Another pivotal observation is the impact of these corpora on continual pre-training. The theses corpus is significantly smaller compared to the medical article’s corpus (0.11 GB vs 0.48 GB). The BioBERTurk\(_{con}\)+(trR) model, which was continuously trained solely with the theses corpus, outperformed the other models. These results demonstrate that a corpus slightly similar to the task domain can be exceptionally effective, even with small-sized and noisy text data. This model outperformed the other models in classifying the out of series and “normal” labels in the impression dataset. When the theses corpus was combined with medical articles, the resulting model (BioBERTurk\(_{con}\)+(trM+trR)) performed efficiently, especially in classifying the Abnormal and Out of Series labels of the findings dataset. Thus, we can conclude that continual pre-training with small task-related data led to improved accuracy for low-frequency label (Out of Series) classification in Turkish radiology reports.

Finally, we compare the results of BioBERTurk\(_{sc}\) with those of other models to investigate the pre-training technique. Our model, BioBERTurk\(_{sc}\), provides poor classification accuracy for both datasets, except for our baseline model. Therefore, combining a very small domain data with large generic data is not an effective approach, at least not in the creation of Turkish domain-oriented pretrained models from scratch. In light of these results, we demonstrate that if the target domain is dramatically different from the general domain (the similarity of the Turkish general domain and Turkish clinical domain is 9%), using task-related data for continual pre-training can enhance classification performance.
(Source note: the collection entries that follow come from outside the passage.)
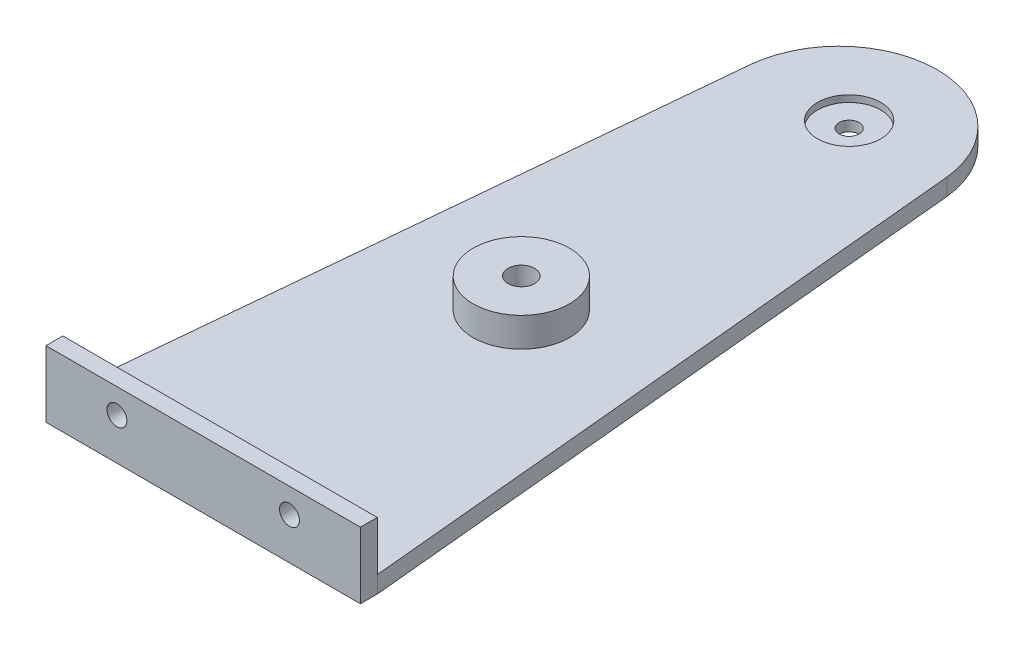
SolidWorks part; units mm, degrees
note: The reader was unsure of these and kept them because the rebuilt part matched: shared geometry of "Sketch2<5>", "Sketch2<6>", "Sketch2<7>".
ref_plane "Front Plane" through (0, 0, 0) normal (0, 0, 1) x (1, 0, 0)
ref_plane "Top Plane" through (0, 0, 0) normal (0, 1, 0) x (1, 0, 0)
ref_plane "Right Plane" through (0, 0, 0) normal (1, 0, 0) x (0, 0, -1)
sketch "Sketch2" plane through (0, 0, 0) normal (0, -1, 0) x (1, 0, 0)
  line L0 (-0.0202, 0) -> (0, 57.1196) construction
  line L5 (-0.0202, 46.4243) -> (-0.0202, 0) construction
  line L6 (14.7185, 0) -> (23.6804, 94.809)
  line L8 (-0.0202, 46.4243) -> (-0.0202, 94.809) construction
  line L9 (23.6804, 94.809) -> (-0.0202, 94.809) construction
  line L11 (9.8858, 9.7213) -> (-9.9262, 9.7213) construction
  line L12 (-14.7589, 0) -> (14.7185, 0) construction
  line L13 (-14.7589, 0) -> (-23.7006, 94.809)
  line L14 (23.6804, 94.809) -> (-23.7006, 94.809) construction
  line L15 (23.6804, 94.809) -> (-23.7006, 94.809)
  line L16 (23.6804, 94.809) -> (23.6804, 96.809)
  line L17 (23.6804, 96.809) -> (-23.7006, 96.809)
  line L18 (-23.7006, 96.809) -> (-23.7006, 94.809)
  circle A0 centre (-0.0202, 0) radius 4.7625
  circle A1 centre (-0.0202, 0) radius 1.5
  circle A2 centre (-0.0202, 49.3983) radius 2
  arc A3 (14.7185, 0) -> (-14.7589, 0) centre (-0.0202, 1.5364) cw
  circle A4 centre (-0.0202, 49.3983) radius 7.268
  circle A5 centre (-0.0202, 0) radius 47.3983 construction
  circle A6 centre (-0.0202, 0) radius 51.3983 construction
  point P28 (-0.0202, 0)
extrude "Boss-Extrude3" add sketch "Sketch2" along normal blind 2.54
sketch "Sketch3" plane through (0, 0, 94.809) normal (0, 0, 1) x (1, 0, 0)
  line L0 (-23.7006, -2.54) -> (-23.7006, 7.46)
  line L1 (23.6804, -2.54) -> (23.6804, 7.46)
  line L2 (23.6804, 7.46) -> (-23.7006, 7.46)
  line L3 (23.6804, -2.54) -> (-23.7006, -2.54)
  line L4 (-13.0101, 3.73) -> (12.9899, 3.73) construction
  line L5 (-0.0101, 3.73) -> (-0.0101, -2.54) construction
  circle A4 centre (-13.0101, 3.73) radius 1.5
  circle A5 centre (12.9899, 3.73) radius 1.5
extrude "Boss-Extrude6" add sketch "Sketch3" along normal blind 2.54
extrude "Cut-Extrude1" cut sketch "Sketch2<5>" along normal blind 10 contours A1
sketch "Sketch2<5>" plane through (0, 0, 0) normal (0, -1, 0) x (1, 0, 0) same geometry as "Sketch2"
extrude "Cut-Extrude2" cut sketch "Sketch2<6>" along normal blind 1 contours A0 A1
sketch "Sketch2<6>" plane through (0, 0, 0) normal (0, -1, 0) x (1, 0, 0) same geometry as "Sketch2"
extrude "Boss-Extrude7" add sketch "Sketch2<7>" against normal blind 4.4201 contours A4 A2
sketch "Sketch2<7>" plane through (0, 0, 0) normal (0, -1, 0) x (1, 0, 0) same geometry as "Sketch2"

There has also been a previous study that applied mBERT, which has significant zero-shot cross-lingual transfer abilities for low-resource languages [20]. When we compare the F1 score of mBERT with other models, our monolingual models developed using continual pre-training outperform in the Turkish clinical task. In summary, the success of our in-domain models shows that continual pre-training of biomedical articles can improve model performance on a clinical task in Turkish, even when available language resources are restricted.

Finally, and most importantly, we introduce the first Turkish biomedical resources and make them available to the NLP community.

Our study has several limitations. Since there are no NLP-shared tasks in Turkish for the medical domain, we evaluated our in-domain models for a single clinical task in Turkish. Secondly, we reported character sizes longer than 512, which exceeds the input size limit required by the BERT model.

6 Conclusion

In this study, we introduced the BioBERTurk family-four pretrained biomedical language models-and evaluated them for classifying Turkish radiology reports. Our work demonstrates that further pre-training models with a small-scale radiology corpus, specifically our domain-specific BioBERTurk\(_{con}\) variant, outperforms out-of-the-box BERT embeddings in classifying Turkish radiology reports. In future work, we aim to investigate different pre-training and fine-tuning approaches in low-resource settings for clinical Turkish domains, and we plan to evaluate our model forFootnote 6 different tasks in clinical NLP.